Am I A Picky Dater?
I was recently out with a friend and they told me that I am picky. I’ve never really thought of myself as being picky. I have standards and goals for myself in life, and I also have my deal breakers. I expect to date someone and eventually be with someone who shares some common goals with me. Thus far in my life, I’ve struggled financially as far back as I can remember (before marriage with student loans, during marriage and after marriage).
One of my goals is to be with someone whose combined income with mine can allow us some room to play in the latter half of our lives. Is that being picky?
I’ve worked very hard to hold onto my house, my world and not have to live in an apartment on the wrong side of the tracks. I’ve managed to pay my bills, keep things up to date and I can still have a few extras on the side like a trip to Cuba once a year for my birthday. Sure, I’d love to travel to different places, but Cuba is what I can afford on one income as a single mom. Next year may pose some other financial problems for me but that’s a whole other story. Such is life.

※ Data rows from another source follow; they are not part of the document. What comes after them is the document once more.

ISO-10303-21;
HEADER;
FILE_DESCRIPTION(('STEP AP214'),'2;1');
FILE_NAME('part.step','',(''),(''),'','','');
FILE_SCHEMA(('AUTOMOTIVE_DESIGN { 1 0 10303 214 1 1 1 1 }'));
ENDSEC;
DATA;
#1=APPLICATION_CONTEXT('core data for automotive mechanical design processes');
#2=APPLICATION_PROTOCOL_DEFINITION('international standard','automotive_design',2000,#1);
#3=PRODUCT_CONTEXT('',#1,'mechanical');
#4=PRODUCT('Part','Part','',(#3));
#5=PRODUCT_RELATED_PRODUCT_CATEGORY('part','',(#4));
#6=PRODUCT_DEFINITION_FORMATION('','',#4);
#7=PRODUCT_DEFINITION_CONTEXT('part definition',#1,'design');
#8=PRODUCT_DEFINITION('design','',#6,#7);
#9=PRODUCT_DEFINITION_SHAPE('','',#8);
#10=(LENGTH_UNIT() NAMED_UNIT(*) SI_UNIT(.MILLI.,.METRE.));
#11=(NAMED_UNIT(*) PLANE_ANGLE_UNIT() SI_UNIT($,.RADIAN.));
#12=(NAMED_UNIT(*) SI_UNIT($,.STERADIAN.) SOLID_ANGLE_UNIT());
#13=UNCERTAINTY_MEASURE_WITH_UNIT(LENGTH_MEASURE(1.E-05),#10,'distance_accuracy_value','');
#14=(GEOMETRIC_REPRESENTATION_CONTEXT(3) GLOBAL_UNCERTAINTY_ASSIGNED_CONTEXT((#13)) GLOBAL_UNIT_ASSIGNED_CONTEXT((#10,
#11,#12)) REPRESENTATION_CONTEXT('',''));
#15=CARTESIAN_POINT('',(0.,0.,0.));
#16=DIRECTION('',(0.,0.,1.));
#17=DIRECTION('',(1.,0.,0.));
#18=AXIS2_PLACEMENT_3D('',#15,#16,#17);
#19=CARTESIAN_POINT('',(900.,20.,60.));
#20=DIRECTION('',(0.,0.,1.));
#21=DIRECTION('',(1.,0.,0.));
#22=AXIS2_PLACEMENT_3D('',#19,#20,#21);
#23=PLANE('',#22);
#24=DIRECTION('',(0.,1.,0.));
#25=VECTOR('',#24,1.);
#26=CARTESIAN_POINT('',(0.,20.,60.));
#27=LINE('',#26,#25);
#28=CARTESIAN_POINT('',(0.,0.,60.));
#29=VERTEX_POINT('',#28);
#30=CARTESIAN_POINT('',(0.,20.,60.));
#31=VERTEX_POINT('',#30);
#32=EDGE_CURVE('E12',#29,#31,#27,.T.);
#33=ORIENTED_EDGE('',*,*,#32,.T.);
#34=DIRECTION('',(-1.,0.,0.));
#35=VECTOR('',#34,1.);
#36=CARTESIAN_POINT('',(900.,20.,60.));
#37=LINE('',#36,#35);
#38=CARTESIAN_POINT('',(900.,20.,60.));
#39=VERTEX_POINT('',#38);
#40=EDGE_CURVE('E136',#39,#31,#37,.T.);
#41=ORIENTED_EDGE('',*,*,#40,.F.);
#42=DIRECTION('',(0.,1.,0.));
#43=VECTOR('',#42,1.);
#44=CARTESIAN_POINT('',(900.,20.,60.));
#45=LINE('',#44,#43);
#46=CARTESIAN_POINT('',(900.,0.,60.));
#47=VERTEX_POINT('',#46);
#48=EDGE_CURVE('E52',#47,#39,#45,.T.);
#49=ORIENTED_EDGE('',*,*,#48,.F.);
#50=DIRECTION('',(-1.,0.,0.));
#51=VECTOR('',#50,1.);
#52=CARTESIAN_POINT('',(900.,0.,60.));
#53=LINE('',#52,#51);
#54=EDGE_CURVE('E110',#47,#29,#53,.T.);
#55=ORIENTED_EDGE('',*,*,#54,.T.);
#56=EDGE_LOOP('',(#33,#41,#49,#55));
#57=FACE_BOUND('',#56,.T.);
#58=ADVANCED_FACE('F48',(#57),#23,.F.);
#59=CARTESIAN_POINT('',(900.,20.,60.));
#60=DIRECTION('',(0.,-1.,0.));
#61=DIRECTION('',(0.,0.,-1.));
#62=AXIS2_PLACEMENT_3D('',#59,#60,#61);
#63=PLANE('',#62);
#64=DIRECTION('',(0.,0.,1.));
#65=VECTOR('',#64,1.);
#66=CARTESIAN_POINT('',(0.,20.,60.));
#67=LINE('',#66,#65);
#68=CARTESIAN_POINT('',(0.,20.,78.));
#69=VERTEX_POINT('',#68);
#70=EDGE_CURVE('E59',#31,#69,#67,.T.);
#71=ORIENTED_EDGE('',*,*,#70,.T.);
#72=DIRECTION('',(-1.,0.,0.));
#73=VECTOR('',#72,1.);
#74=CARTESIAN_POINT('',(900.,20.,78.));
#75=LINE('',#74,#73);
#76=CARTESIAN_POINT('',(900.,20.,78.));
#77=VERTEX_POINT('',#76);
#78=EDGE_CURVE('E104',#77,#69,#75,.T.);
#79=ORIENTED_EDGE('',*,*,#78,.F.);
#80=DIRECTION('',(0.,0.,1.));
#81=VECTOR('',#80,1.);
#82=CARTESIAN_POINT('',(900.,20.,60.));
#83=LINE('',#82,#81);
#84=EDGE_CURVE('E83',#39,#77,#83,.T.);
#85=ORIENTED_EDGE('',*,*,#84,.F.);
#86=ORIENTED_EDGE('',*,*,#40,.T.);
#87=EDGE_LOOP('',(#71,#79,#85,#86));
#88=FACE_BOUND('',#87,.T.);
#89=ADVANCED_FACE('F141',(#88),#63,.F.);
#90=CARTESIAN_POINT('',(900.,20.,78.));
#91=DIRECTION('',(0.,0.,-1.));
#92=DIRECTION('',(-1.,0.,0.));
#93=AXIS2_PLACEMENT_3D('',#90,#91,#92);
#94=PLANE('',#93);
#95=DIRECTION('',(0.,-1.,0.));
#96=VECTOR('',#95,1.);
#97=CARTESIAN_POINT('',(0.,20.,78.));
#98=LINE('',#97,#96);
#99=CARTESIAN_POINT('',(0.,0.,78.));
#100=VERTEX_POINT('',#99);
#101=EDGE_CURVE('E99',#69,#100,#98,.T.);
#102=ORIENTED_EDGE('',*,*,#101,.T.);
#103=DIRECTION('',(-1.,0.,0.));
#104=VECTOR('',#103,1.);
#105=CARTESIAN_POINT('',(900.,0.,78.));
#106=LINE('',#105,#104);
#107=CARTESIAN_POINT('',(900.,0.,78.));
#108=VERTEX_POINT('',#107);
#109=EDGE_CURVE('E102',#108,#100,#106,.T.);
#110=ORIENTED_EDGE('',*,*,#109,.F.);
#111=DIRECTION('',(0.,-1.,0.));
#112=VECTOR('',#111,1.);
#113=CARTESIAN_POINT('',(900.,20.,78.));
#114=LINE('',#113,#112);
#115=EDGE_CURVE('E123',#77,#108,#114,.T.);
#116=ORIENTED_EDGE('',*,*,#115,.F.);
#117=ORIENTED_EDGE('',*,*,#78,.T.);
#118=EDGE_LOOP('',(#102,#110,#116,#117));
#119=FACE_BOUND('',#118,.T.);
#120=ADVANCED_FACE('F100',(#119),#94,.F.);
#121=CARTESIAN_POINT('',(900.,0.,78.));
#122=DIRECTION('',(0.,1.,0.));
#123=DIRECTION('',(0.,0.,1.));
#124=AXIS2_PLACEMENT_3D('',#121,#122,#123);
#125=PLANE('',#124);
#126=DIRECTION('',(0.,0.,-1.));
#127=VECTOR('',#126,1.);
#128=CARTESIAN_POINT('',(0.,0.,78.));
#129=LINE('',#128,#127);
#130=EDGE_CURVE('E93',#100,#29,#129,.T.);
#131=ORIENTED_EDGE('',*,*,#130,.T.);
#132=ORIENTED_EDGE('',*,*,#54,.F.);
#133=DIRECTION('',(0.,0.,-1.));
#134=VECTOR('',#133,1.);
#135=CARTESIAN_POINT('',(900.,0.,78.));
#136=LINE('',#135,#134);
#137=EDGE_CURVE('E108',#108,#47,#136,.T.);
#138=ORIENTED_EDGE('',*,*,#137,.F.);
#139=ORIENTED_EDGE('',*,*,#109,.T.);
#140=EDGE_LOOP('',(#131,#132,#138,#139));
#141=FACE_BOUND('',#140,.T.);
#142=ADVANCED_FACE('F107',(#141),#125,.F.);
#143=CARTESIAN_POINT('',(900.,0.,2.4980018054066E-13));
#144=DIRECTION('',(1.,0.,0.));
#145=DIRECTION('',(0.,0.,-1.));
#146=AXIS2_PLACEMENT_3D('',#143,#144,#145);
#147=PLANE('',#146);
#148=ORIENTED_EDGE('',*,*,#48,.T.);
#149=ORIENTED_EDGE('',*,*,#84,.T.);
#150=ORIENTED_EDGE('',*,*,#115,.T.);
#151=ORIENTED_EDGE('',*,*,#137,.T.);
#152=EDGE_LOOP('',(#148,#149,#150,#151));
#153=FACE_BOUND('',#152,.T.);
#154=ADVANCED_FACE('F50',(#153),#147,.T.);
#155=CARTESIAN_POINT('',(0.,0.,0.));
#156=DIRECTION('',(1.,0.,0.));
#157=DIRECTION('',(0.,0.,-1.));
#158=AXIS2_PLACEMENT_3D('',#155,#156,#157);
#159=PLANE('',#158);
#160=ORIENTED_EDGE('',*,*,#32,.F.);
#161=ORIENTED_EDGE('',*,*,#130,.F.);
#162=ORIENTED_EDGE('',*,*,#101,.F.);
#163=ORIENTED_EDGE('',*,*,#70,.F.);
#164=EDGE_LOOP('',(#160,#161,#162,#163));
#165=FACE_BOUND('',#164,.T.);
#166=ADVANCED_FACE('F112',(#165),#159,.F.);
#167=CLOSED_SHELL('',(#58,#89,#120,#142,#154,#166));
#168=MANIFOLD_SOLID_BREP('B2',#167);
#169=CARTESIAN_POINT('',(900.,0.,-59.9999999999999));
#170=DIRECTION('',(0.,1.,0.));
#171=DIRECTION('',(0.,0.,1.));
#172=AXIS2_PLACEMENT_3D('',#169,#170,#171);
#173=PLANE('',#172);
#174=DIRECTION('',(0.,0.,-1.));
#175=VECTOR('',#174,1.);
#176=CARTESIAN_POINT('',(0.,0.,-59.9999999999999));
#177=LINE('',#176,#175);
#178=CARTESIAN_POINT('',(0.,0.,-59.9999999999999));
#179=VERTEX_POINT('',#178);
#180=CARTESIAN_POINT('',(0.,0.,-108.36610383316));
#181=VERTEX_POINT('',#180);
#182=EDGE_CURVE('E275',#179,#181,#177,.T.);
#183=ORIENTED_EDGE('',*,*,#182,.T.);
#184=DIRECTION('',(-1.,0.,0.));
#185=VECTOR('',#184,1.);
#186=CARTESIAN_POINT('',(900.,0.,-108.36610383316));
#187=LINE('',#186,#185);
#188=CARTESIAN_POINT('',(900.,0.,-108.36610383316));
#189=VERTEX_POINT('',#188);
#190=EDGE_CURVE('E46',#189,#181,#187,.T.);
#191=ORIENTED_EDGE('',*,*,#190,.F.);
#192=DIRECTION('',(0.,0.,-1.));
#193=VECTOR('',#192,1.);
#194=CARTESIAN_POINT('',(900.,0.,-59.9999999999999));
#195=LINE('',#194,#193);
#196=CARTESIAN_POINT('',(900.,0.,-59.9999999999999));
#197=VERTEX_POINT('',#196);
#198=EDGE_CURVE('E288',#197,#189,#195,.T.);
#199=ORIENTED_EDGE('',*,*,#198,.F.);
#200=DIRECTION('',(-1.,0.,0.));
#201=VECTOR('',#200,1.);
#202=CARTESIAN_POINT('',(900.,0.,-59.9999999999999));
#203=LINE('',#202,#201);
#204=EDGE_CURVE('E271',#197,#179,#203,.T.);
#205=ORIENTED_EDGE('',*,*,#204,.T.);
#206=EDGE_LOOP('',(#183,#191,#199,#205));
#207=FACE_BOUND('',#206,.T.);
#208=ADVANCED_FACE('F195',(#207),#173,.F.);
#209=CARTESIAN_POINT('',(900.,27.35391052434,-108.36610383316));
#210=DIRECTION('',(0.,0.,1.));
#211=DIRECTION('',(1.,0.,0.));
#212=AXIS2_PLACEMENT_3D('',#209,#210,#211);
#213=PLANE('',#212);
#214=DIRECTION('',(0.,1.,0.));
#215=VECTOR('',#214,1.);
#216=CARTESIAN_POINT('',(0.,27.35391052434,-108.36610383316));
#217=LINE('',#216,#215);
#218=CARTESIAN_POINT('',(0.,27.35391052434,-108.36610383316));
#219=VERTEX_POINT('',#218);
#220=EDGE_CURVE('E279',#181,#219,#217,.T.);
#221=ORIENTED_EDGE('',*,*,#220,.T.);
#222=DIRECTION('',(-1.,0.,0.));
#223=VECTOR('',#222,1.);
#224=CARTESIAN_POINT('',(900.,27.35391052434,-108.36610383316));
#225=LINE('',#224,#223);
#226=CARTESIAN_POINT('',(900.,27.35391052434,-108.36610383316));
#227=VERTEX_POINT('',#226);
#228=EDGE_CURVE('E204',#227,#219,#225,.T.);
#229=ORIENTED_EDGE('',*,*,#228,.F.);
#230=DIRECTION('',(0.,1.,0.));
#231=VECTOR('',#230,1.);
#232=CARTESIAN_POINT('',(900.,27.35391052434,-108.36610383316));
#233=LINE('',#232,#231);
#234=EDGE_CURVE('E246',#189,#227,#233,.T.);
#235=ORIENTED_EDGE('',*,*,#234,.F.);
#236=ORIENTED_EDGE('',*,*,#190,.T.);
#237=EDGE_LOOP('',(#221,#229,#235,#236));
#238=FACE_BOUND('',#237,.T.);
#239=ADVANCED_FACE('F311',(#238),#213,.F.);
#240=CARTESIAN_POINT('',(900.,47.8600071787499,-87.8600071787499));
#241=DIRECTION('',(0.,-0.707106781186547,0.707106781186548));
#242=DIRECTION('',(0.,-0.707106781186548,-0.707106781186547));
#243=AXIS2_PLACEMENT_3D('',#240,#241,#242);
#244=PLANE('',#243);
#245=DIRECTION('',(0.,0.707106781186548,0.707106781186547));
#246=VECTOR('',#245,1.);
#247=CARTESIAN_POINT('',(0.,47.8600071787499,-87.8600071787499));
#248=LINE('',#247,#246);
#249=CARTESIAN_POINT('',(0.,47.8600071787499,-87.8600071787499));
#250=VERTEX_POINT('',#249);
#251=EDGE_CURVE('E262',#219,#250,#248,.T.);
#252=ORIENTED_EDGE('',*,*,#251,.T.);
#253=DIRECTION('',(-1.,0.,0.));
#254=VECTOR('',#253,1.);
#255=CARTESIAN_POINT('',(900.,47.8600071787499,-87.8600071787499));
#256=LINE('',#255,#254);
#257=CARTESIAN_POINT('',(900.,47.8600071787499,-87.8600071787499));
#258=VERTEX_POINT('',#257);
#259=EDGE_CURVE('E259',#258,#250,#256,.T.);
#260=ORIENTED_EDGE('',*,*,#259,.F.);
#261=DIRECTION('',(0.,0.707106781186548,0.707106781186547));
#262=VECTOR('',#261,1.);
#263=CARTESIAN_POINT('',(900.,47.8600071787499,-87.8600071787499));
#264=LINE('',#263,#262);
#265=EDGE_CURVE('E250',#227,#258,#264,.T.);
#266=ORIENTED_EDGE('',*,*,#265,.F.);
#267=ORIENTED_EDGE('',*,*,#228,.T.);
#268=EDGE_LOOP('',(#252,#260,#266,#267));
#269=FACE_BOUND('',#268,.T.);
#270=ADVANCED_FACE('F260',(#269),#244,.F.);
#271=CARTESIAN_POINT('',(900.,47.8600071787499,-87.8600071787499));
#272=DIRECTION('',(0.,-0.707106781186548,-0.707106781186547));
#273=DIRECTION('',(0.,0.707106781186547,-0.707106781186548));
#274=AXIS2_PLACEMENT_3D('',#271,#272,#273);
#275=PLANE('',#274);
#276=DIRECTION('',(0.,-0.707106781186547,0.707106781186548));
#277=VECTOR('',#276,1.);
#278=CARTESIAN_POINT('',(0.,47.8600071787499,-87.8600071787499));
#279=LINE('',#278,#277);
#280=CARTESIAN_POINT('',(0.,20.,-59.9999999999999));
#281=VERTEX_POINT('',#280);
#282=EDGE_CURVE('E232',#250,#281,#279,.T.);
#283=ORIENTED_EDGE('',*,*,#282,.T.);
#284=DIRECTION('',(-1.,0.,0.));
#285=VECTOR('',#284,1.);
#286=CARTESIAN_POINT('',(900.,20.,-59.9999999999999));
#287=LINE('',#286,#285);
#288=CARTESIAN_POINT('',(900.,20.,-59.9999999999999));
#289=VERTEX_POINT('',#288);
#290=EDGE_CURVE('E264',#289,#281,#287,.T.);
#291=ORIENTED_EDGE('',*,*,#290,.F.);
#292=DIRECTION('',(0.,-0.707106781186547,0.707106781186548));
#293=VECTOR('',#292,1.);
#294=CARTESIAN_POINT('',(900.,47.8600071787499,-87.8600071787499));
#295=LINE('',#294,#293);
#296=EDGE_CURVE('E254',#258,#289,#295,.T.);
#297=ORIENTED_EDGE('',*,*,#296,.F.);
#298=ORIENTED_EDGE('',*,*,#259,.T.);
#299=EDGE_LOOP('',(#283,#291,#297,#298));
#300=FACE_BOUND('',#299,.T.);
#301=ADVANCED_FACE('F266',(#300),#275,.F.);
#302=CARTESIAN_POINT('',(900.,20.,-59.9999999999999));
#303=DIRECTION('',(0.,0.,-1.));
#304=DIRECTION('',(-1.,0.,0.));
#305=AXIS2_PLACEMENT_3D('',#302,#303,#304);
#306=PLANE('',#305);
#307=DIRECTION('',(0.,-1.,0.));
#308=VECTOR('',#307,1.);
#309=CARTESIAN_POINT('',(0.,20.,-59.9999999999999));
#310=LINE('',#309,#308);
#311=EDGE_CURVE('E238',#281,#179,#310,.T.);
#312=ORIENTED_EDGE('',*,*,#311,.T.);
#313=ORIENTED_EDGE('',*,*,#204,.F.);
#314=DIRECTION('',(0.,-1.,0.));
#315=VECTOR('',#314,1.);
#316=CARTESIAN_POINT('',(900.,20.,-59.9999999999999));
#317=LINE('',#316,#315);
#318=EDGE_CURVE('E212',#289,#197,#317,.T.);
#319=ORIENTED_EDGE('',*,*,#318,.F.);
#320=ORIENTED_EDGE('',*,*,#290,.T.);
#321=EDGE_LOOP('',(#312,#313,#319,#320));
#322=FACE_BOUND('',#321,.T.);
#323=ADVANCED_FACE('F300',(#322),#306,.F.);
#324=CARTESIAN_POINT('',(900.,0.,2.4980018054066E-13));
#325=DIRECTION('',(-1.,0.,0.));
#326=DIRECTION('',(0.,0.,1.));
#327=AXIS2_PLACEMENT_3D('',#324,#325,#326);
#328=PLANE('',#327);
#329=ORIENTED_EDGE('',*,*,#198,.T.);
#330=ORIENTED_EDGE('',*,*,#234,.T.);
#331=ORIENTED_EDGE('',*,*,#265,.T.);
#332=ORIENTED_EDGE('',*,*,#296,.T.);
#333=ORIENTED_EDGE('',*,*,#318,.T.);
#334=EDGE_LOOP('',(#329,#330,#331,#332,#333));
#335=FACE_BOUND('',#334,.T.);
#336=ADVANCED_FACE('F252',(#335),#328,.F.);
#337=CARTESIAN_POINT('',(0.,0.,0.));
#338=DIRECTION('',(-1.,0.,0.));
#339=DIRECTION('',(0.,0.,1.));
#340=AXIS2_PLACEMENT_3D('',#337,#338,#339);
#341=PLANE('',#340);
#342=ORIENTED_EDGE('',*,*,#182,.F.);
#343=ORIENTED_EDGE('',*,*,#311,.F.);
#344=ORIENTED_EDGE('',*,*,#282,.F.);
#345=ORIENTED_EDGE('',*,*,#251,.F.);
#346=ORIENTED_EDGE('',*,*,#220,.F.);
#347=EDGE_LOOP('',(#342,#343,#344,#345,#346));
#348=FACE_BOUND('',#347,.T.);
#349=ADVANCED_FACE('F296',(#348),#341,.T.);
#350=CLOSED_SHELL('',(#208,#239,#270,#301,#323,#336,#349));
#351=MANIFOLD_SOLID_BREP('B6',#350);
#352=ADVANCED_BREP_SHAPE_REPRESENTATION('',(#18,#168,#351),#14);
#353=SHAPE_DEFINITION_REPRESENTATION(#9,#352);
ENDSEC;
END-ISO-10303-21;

I guess that I’m looking to eventually be with a partner in life who has at least achieved what I’ve achieved so far, or greater than. Someone that will help me to make my dreams and my goals a reality. I don’t think that’s so much to ask at my age. I will be 40 in 2 yrs and 3 ½ months. Wow, that’s an eye opener. I remember my Mom turning 40. Time rolls on...
So, as far as being picky about the physical aspect. Yes, I can see that I have certain criteria that I tend to be picky about. The top 3 things for me are teeth, noses and height.
A man has to have decent teeth or I’m out. Oral and dental care is very important to me.
A larger sized nose with crooks and hooks and twists, I cannot do either. I’ve dated 2 men in my life with very large noses and it will not happen again. To feel that 'thing' swiping across my face or poking me in the cheek repulses me.
I can't help that, and a note to all the men with very large noses....it's not an indication of anything below your waistline so please stop making that reference of comparison to your disco stick. I've done the research amongst my girlfriends and the consensus rules that it does not co-relate.
And the height thing is simply because I’m 5’9 and don’t want to bend down to kiss anyone.
Recently, I had a lunch date with a man who was bald ( I love bald men! ). When we met, he was dressed very trendy. The bald man had just scored one point for having great taste. He was 6’2 which scored him an extra 2 points. Great eyes and teeth! Yes, 2 more points!
And then the subtraction math began. He smelled like those houses that you go into that always smell like stale food. It wasn’t a dirty smell, just a smell like you had your laundry in the kitchen while you were cooking a meal with green curry and chicken. Stale. Minus 1.
And then he kept grabbing my arm and touching me while he was talking. When I don’t know someone and they start pawing at me, I’m not impressed. A gentle nudge or small gesture is fine, but to be stroking my forearm while conversing on a first date was making me very uncomfortable. Minus 2.
And I could not stop staring at his head. It was asymmetrical, pointy and higher on the right then on the left. I kept visualizing The Conehead Family from Saturday Night Live.
Then he began telling me about when he dates someone, he has to see them daily or at least every 2 days. Most people don’t get into that conversation until after a few dates. Actually, when things just feel right, you don’t even need to discuss the schedule of dates and dating. It just flow naturally because you are both on the same page.
Ok, at this point I noted my body language as being closed and leaning away from him. I was definitely done with the math, in the negatives and it was only 25 minutes into the date.
To keep it simple - we ate, he talked, I chewed, he talked, I drank my water, he talked, I leaned as far away as I could, and he crossed his legs on the bar stool??? What man crosses his legs on a bar stool? And then we left.
He asked me out on a 2nd date 40 minutes into this date and I just nodded and smiled…while eating my chicken salad wrap. That was not a yes; it was the avoidance of an answer. I haven’t talked to him since, but yes I have heard from him. I shall swerve and avoid this one.
So my friends, if that’s called being picky, then so be it.